Before I knew it, we were headed out the bay to their island where I would live. I put on some borrowed bright orange overalls and was thrown and bumped around by the waves and slapped by the wind, all the while feeling the hard raindrops freckle my traveling face. Harvester Island is a 380-acre island that rises up from the fin-whale-populated waters of Uyak Bay. It is covered with raspberries and simple meadow flowers (later I would come to pick them so that we could look at something pretty at mealtime). There are horses, one named Rocket, the other named Winddancer. They have been brought out for the summer so the Fields children can learn how to ride. Duncan had to ship the horses out to the island by boat. There are trees with eagles nesting, a white-planked house that sits a hundred upward yards from my new abode, the dock house that Leslie and Duncan built over twenty years ago when they first made Harvester their summer and fishing home. They are the only houses on the island.

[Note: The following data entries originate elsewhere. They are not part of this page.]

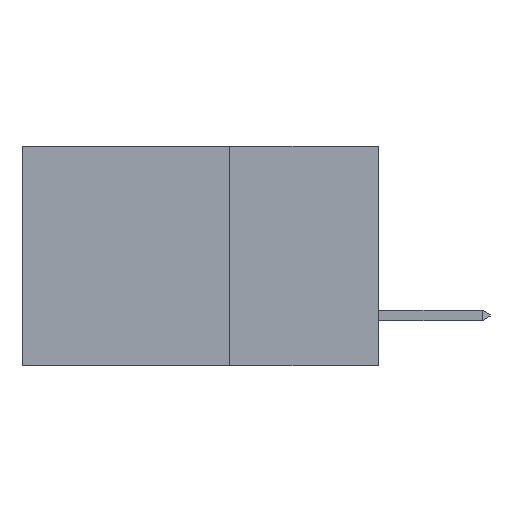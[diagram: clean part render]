
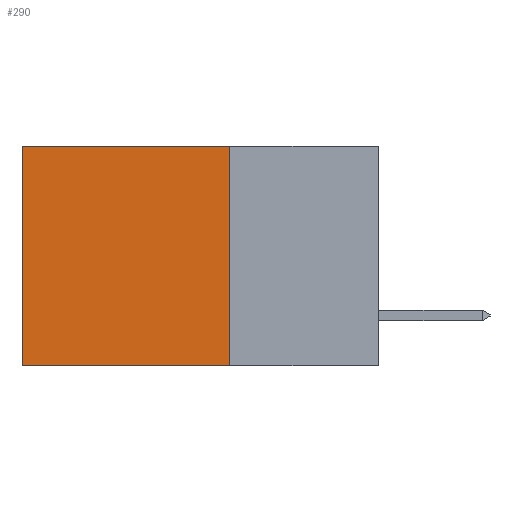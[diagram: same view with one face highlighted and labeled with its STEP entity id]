
A CAD part, left-side view. The second image highlights one B-rep face of the part: STEP entity #290.
In plain terms, the highlighted planar face has unit normal (-1, 0, 0).
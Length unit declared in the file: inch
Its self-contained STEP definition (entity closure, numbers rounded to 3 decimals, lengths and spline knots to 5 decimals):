
#290 = ADVANCED_FACE ( 'NONE', ( #315 ), #1864, .F. ) ;
#315 = FACE_OUTER_BOUND ( 'NONE', #4577, .T. ) ;
#399 = VECTOR ( 'NONE', #6603, 39.37008 ) ;
#844 = VERTEX_POINT ( 'NONE', #8432 ) ;
#864 = LINE ( 'NONE', #2385, #399 ) ;
#1162 = CARTESIAN_POINT ( 'NONE',  ( 0.298, 0.25, 0. ) ) ;
#1541 = ORIENTED_EDGE ( 'NONE', *, *, #7801, .F. ) ;
#1560 = CARTESIAN_POINT ( 'NONE',  ( 0.298, 0.6, 0. ) ) ;
#1718 = EDGE_CURVE ( 'NONE', #5567, #6406, #864, .T. ) ;
#1832 = DIRECTION ( 'NONE',  ( 0., 0., -1. ) ) ;
#1864 = PLANE ( 'NONE',  #3136 ) ;
#1924 = DIRECTION ( 'NONE',  ( 0., 1., 0. ) ) ;
#2141 = VECTOR ( 'NONE', #1924, 39.37008 ) ;
#2385 = CARTESIAN_POINT ( 'NONE',  ( 0.298, 0.25, 0. ) ) ;
#3029 = ORIENTED_EDGE ( 'NONE', *, *, #1718, .F. ) ;
#3136 = AXIS2_PLACEMENT_3D ( 'NONE', #8289, #7323, #7341 ) ;
#3681 = LINE ( 'NONE', #8096, #9610 ) ;
#4378 = LINE ( 'NONE', #1162, #2141 ) ;
#4577 = EDGE_LOOP ( 'NONE', ( #8107, #1541, #3029, #4785 ) ) ;
#4785 = ORIENTED_EDGE ( 'NONE', *, *, #8173, .T. ) ;
#4791 = LINE ( 'NONE', #1560, #6841 ) ;
#5567 = VERTEX_POINT ( 'NONE', #6730 ) ;
#5845 = CARTESIAN_POINT ( 'NONE',  ( 0.298, 0.25, -0.37 ) ) ;
#6054 = CARTESIAN_POINT ( 'NONE',  ( 0.298, 0.6, 0. ) ) ;
#6406 = VERTEX_POINT ( 'NONE', #5845 ) ;
#6578 = EDGE_CURVE ( 'NONE', #6816, #844, #4791, .T. ) ;
#6603 = DIRECTION ( 'NONE',  ( 0., 0., -1. ) ) ;
#6730 = CARTESIAN_POINT ( 'NONE',  ( 0.298, 0.25, 0. ) ) ;
#6816 = VERTEX_POINT ( 'NONE', #6054 ) ;
#6841 = VECTOR ( 'NONE', #1832, 39.37008 ) ;
#7323 = DIRECTION ( 'NONE',  ( 1., 0., 0. ) ) ;
#7341 = DIRECTION ( 'NONE',  ( 0., 0., -1. ) ) ;
#7357 = DIRECTION ( 'NONE',  ( 0., 1., 0. ) ) ;
#7801 = EDGE_CURVE ( 'NONE', #6406, #844, #3681, .T. ) ;
#8096 = CARTESIAN_POINT ( 'NONE',  ( 0.298, 0.25, -0.37 ) ) ;
#8107 = ORIENTED_EDGE ( 'NONE', *, *, #6578, .T. ) ;
#8173 = EDGE_CURVE ( 'NONE', #5567, #6816, #4378, .T. ) ;
#8289 = CARTESIAN_POINT ( 'NONE',  ( 0.298, 0.25, 0. ) ) ;
#8432 = CARTESIAN_POINT ( 'NONE',  ( 0.298, 0.6, -0.37 ) ) ;
#9610 = VECTOR ( 'NONE', #7357, 39.37008 ) ;

One of the first books I read on Harvester Island was a small book of Leslie's poems. She is a writer like I want to be. I often sat on the dock and read her words.

MONDAYS ON THIS ISLAND

by Leslie Leyland Fields

Mondays on this island are like any other day or hour.

Choose the century.

It could all be the same scatter of gravel on the beach,

The same shatter of the sea into foam,

The hiss as it gathers for the next.

The summer sun is no clock

And the birds only hint at the seasons,

Their flights mostly circular,

Following the currents that move in giant spirals

Arcing from this shore into the gulf and back again, again,

Neither hot nor cold, only temperate, moderate,

The climate of any island, at any time.

I am told the grass here is brown in winter,

That the darkness settles like a bear against the sun,

The mountains sink white into sleep.

Summers they say are brilliant.

The mountains burn and always the sun, the sun.

I have not seen this.

Right across Uyak Bay, I can see boys, lots of bearded boys who look like they are straight off the cover of GQ. They are young and stout and from all across North America. They are the crew members. They work for the Fieldses and reside all summer on Bear Island, the ten-acre candy store of an island just two miles beyond my boatless reach.

And, oh, the family, the Fieldses, these people I have come to know so quickly. Right away they became family to me. I have come to serve them, to be their nanny/cook/maid/friend/daughter. I have come to learn this island kind of life.